These are _Chariton’s Chaereas and Callirhoe_ by Warren E. Blake
(beautiful in English and format) and three volumes of _The Loeb
Classical Library_: _Daphnis and Chloe by Longus_, Lucian’s _True
History_ (in Lucian vol. I) and the Latin novel which combines the
different Greek types into one great synthesis, Apuleius’
_Metamorphoses_. If I can win new readers for these my favorites, my
writing will be as successful as it has been happy!
It is a pleasure once again to express grateful thanks to publishers and
authors who have allowed me to quote material. I am indebted to the
Harvard University Press for its courtesy in allowing me to quote freely
from volumes in _The Loeb Classical Library_; to the Clarendon Press,
Oxford for the use of material from R. M. Rattenbury, “Romance: the
Greek Novel,” in _New Chapters in the History of Greek Literature_,
_Third Series_, from F. A. Todd, _Some Ancient Novels_, from J. S.
Phillimore, “Greek Romances” in _English Literature and the Classics_,
and from _The Works of Lucian of Samosata_ translated by H. W. Fowler
and F. G. Fowler; to Longmans, Green and Co. , for the use of a quotation
from F. G. Allinson, _Lucian Satirist and Artist_; to the University of
Michigan Press for the use of Warren E. Blake’s translation of Chariton;
to the Columbia University Press for permission to quote from S. L.
Wolff’s _The Greek Romances in Elizabethan Prose Fiction_; and for
generous permissions for quotations from Professor M. Rostovtzeff and
Professor B. E. Perry.
My writing has been greatly facilitated by the cooperation of the staff
of the Vassar Library, especially of Miss Fanny Borden, Librarian, who
has provided me with a study in the Library, patiently borrowed many
books from other libraries for me and shown unfailing interest in my
work. A constant stimulus to my writing has been the appreciation of my
colleagues and students expressed in invitations to read different
chapters of this volume to the Classical Journal Club and to the
Classical Society. Finally my profound gratitude is due to the donors of
the funds which made possible the publication of these Essays.
_CONTENTS_
CHAPTER PAGE
I. The Greek Romances and Their Re-dating. 1
II. Chariton’s _Chaereas and Callirhoe_. 14
III. The _Ephesiaca_ or _Habrocomes and Anthia_ by Xenophon of
Ephesus. 38
IV. The _Aethiopica_ of Heliodorus. 61
V. _The Adventures of Leucippe and Clitophon_ by Achilles Tatius. 95
VI. _The Lesbian Pastorals of Daphnis and Chloe_ by Longus. 119
VII. Lucian and his Satiric Romances: the _True History_ and
_Lucius or Ass_. 144
VIII. A Comparison of the Greek Romances and Apuleius’
_Metamorphoses_. 186
Index 203
ESSAYS ON
THE GREEK ROMANCES
I
_THE GREEK ROMANCES AND THEIR RE-DATING_
The term “Greek Romances” is applied to long stories in Greek prose,
written from the end of the first to the beginning of the fourth century
before Christ and later imitated by Byzantine writers. It was one of
these last, Nicetas Eugenianus, who prefixed to his own romance a
prelude of verses which described their content:
“Here read Drusilla’s fate and Charicles’—
Flight, wandering, captures, rescues, roaring seas,
Robbers and prisons, pirates, hunger’s grip;
Dungeons so deep that never sun could dip
His rays at noon-day to their dark recess,
Chained hands and feet; and, greater heaviness,
Pitiful partings. Last the story tells
Marriage, though late, and ends with wedding bells. ”[2]
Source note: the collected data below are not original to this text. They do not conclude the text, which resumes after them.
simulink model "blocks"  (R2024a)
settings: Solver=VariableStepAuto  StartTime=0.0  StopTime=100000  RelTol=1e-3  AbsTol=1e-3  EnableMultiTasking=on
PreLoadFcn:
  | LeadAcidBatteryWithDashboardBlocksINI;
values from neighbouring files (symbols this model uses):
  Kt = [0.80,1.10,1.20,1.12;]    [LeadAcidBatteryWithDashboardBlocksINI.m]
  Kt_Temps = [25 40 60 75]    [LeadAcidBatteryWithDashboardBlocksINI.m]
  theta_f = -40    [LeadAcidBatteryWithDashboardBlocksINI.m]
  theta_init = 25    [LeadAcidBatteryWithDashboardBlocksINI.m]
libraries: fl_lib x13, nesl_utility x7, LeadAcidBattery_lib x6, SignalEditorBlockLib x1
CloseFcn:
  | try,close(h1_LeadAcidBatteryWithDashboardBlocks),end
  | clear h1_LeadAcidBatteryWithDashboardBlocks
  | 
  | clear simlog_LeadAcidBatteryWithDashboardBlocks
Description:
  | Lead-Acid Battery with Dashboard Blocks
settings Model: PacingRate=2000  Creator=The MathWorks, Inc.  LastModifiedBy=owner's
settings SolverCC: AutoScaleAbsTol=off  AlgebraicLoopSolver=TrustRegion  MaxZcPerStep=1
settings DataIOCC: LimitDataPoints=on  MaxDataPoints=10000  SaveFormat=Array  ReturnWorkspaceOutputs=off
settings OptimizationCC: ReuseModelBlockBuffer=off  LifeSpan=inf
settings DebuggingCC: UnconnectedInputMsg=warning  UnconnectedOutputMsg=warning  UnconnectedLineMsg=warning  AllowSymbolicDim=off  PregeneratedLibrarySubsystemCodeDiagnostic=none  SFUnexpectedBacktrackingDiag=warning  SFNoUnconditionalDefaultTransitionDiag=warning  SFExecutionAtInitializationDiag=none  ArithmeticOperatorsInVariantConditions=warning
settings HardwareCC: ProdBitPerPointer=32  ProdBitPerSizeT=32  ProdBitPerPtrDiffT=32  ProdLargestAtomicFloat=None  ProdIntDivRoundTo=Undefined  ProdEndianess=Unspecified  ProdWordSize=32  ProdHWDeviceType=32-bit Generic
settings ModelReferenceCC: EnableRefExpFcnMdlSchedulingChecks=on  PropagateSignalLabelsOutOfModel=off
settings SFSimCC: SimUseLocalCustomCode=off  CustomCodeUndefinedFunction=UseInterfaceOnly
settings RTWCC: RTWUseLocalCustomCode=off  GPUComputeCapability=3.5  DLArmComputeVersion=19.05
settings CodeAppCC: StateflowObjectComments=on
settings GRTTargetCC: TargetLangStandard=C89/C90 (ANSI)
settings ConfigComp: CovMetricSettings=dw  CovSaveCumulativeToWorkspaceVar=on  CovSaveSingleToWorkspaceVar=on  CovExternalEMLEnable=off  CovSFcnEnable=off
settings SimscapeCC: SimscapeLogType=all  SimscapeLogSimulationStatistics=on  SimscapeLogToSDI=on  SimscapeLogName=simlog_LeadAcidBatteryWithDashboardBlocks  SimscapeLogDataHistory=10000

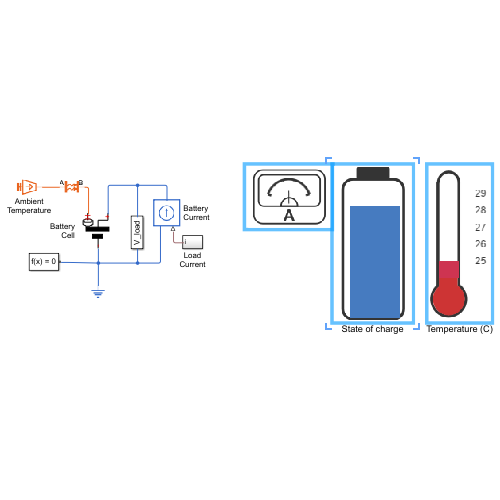
[thumbnail: Simulink's stored preview of the top-level diagram]
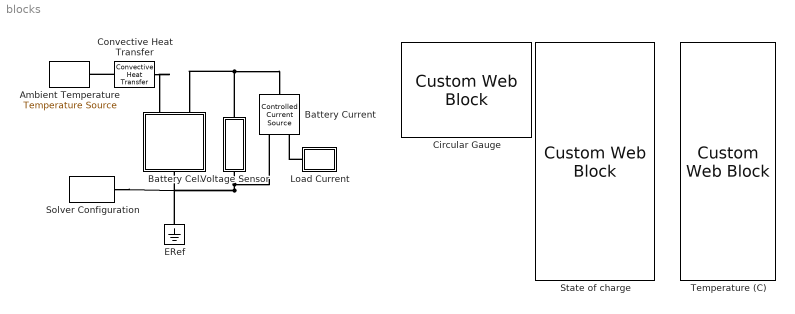
== system blocks ==
  Ambient Temperature : fl_lib/Thermal/Thermal Sources/Temperature Source  temperature=25 degC
  Battery Cell : Subsystem  Tag=PublishSubsystem
      mask Display:
      | % Battery icon
      | plot([0 0],[-1.5 -0.4])
      | plot([0 0 0.8 0.8],[0.2 0.9 0.9 1.5])
      | patch([-1 1 1 -1]*0.4,[1 1 -1 -1]*0.15-0.5,[0;0;0]);
      | patch([-1 1 1 -1]*0.9,[1 1 -1 -1]*0.15+0.1,[0;0;0]);
      | 
      | % Thermal port
      | plot([-1.2,-1.2],[0.5,0.9])
      | plot([-0.4,-0.4],[0.5,0.9])
      | plot([-0.8,-0.8],[0.9,1.5])
      | plot(0.35*cos(0:2*pi/50:2*pi)-0.8,0.15*sin(0:2*pi/50:2*pi)+0.85)
      | plot(0.35*cos(pi:2*pi/50:2*pi)-0.8,0.15*sin(pi:2*pi/50:2*pi)+0.55)
      | 
      | % Plot points to set plot range
      | color('white');plot(1.5,1.5);plot(-1.5,-1.5)
      | 
      | color('red')
      | port_label('LConn',1,'H')
      | port_label('LConn',2,'+')
      | port_label('RConn',1,'-')
  Battery Current : fl_lib/Electrical/Electrical Sources/Controlled Current Source
  Circular Gauge : CustomWebBlock  LabelPosition=Hide  ShowInitialText=on  Configuration="{\"components\":[{\"name\":\"CircularScaleComponent\",\"settings\":{\"bounds\":{\"max\":12,\"min\":-12,\"tickInterval\":23.9999999999999},\"direction\":\"cw\",\"flipLimits\":0,\"innerRadius\":0.75,\"internalTickHeightScaleFactor\":1,\"labelColor\":[38,38,38],\"labelFont\":{\"font\":\"Arial\",\"fontSize\":12},\"labelRadius\":0.528,\"labelTransparency\":0,\"minorTickHeightScaleFactor\":0.2,\"needleImage\":{\"size\":[96,288],\"src\":\"data:image\\/svg+xml;base64,PHN2ZyB3aWR0aD0iOTYiIGhlaWdodD0iMjg4IiB4bWxucz0iaHR0cDovL3d3dy53My5vcmcvMjAwMC9zdmciIHhtbG5zOnhsaW5rPSJodHRwOi8vd3d3LnczLm9yZy8xOTk5L3hsaW5rIiBvdmVyZmxvdz0iaGlkZGVuIj48ZGVmcz48Y2xpcFBhdGggaWQ9ImNsaXAwIj48cGF0aCBkPSJNMCAwIDk2IDAgOTYgMjg4IDAgMjg4WiIgZmlsbC1ydWxlPSJldmVub2RkIiBjbGlwLXJ1bGU9ImV2ZW5vZGQiLz48L2NsaXBQYXRoPjwvZGVmcz48ZyBjbGlwLXBhdGg9InVybCgjY2xpcDApIj48cmVjdCB4PSIwIiB5PSIwIiB3aWR0aD0iOTYiIGhlaWdodD0iMjg4IiBmaWxsPSIjRkZGRkZGIiBmaWxsLW9wYWNpdHk9IjAiLz48cGF0aCBkPSJNNDguNTAwMSA0MS41MDAxIDQ4LjUwMDIgMjQ3LjUiIHN0cm9rZT0iIzAwMDAwMCIgc3Ryb2tlLXdpZHRoPSI3IiBzdHJva2UtbGluZWNhcD0icm91bmQiIHN0cm9rZS1taXRlcmxpbWl0PSI4IiBmaWxsPSJub25lIiBmaWxsLXJ1bGU9ImV2ZW5vZGQiLz48L2c+PC9zdmc+\"},\"needleOffset\":[0.09442302068368028,0],\"needleOrientation\":-45,\"needleRotation\":90,\"needleSize\":{\"height\":0.36796446559573437,\"width\":0.26380868795837903},\"outerRadius\":0.9,\"position\":[0.17317708333333334,0.05625,0.891796875,0.7701822916666666],\"referencePoint\":\"auto\",\"scaleAngle\":145.25613527122786,\"scaleAngleOffset\":197.0817568691423,\"scaleColors\":[],\"scaleColorsSize\":0.2,\"scaleDirection\":\"CW\",\"scalePosition\":[0,0,1,1],\"showLabels\":1,\"showMinorTicks\":1,\"showSpanLine\":1,\"showTicks\":1,\"tickColor\":[0,0,0],\"tickTransparency\":1,\"valueBarColor\":[0,114,189],\"valueBarPosition\":[0,0,1,1],\"valueBarSize\":0.2,\"valueBarTransparency\":0}},{\"name\":\"BackgroundImageComponent\",\"settings\":{\"image\":{\"size\":[384,288],\"src\":\"data:image\\/svg+xml;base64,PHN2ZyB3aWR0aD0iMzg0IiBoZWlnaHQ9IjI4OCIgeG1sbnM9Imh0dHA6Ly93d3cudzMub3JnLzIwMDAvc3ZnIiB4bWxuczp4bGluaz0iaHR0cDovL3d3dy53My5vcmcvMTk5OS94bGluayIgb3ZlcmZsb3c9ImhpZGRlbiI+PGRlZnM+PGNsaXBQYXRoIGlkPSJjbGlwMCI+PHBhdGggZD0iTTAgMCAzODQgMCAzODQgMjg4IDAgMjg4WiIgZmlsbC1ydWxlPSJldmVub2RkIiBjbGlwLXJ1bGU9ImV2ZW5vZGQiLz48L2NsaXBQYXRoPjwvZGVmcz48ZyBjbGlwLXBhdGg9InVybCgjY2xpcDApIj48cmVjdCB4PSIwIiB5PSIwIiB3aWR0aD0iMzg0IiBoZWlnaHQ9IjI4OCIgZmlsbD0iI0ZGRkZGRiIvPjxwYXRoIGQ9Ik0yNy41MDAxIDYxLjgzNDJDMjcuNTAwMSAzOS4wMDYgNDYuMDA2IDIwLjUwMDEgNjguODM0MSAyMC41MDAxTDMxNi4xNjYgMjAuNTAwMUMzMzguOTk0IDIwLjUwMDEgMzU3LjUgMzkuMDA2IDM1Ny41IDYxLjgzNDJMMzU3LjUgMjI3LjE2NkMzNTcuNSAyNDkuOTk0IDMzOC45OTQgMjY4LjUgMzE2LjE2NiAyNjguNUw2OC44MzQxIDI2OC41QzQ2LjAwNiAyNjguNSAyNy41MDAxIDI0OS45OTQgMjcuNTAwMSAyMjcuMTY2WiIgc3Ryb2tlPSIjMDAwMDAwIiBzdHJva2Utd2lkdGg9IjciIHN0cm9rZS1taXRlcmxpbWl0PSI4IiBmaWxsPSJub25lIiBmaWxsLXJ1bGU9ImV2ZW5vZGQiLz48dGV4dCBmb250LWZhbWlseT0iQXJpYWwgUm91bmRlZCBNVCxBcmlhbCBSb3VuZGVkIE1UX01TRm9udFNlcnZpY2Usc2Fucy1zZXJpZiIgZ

The subjects listed in these lines are typical of nearly all the novels.
An author selected new names for his hero and heroine and portrayed the
same quest for love and adventure. The young pair always marvellously
handsome fall desperately in love and plight their eternal fidelity in a
sacred oath. Soon they are separated by misadventure or the cruel will
of Fortune and suffer alone every misfortune and temptation, but by
superhuman effort and often by the aid of the gods, they at last emerge
triumphant and chaste and fall in exultation into each other’s arms.
It was just because of this similarity of pattern that it became the
fashion for critics to belittle these melodramas, to emphasize their
similarities, and to disregard their individual characteristics and
enthralling style. Erwin Rohde’s great critical study, _Der griechische
Roman_, was perhaps the first to treat them with the serious
consideration which they deserve. Now Rohde’s theories have to be in
large part rejected because of new discoveries in papyri which have
necessitated the re-dating of the extant novels and adding to their
study fragments of novels hitherto unknown which help establish new
types and give a basis for a new critique.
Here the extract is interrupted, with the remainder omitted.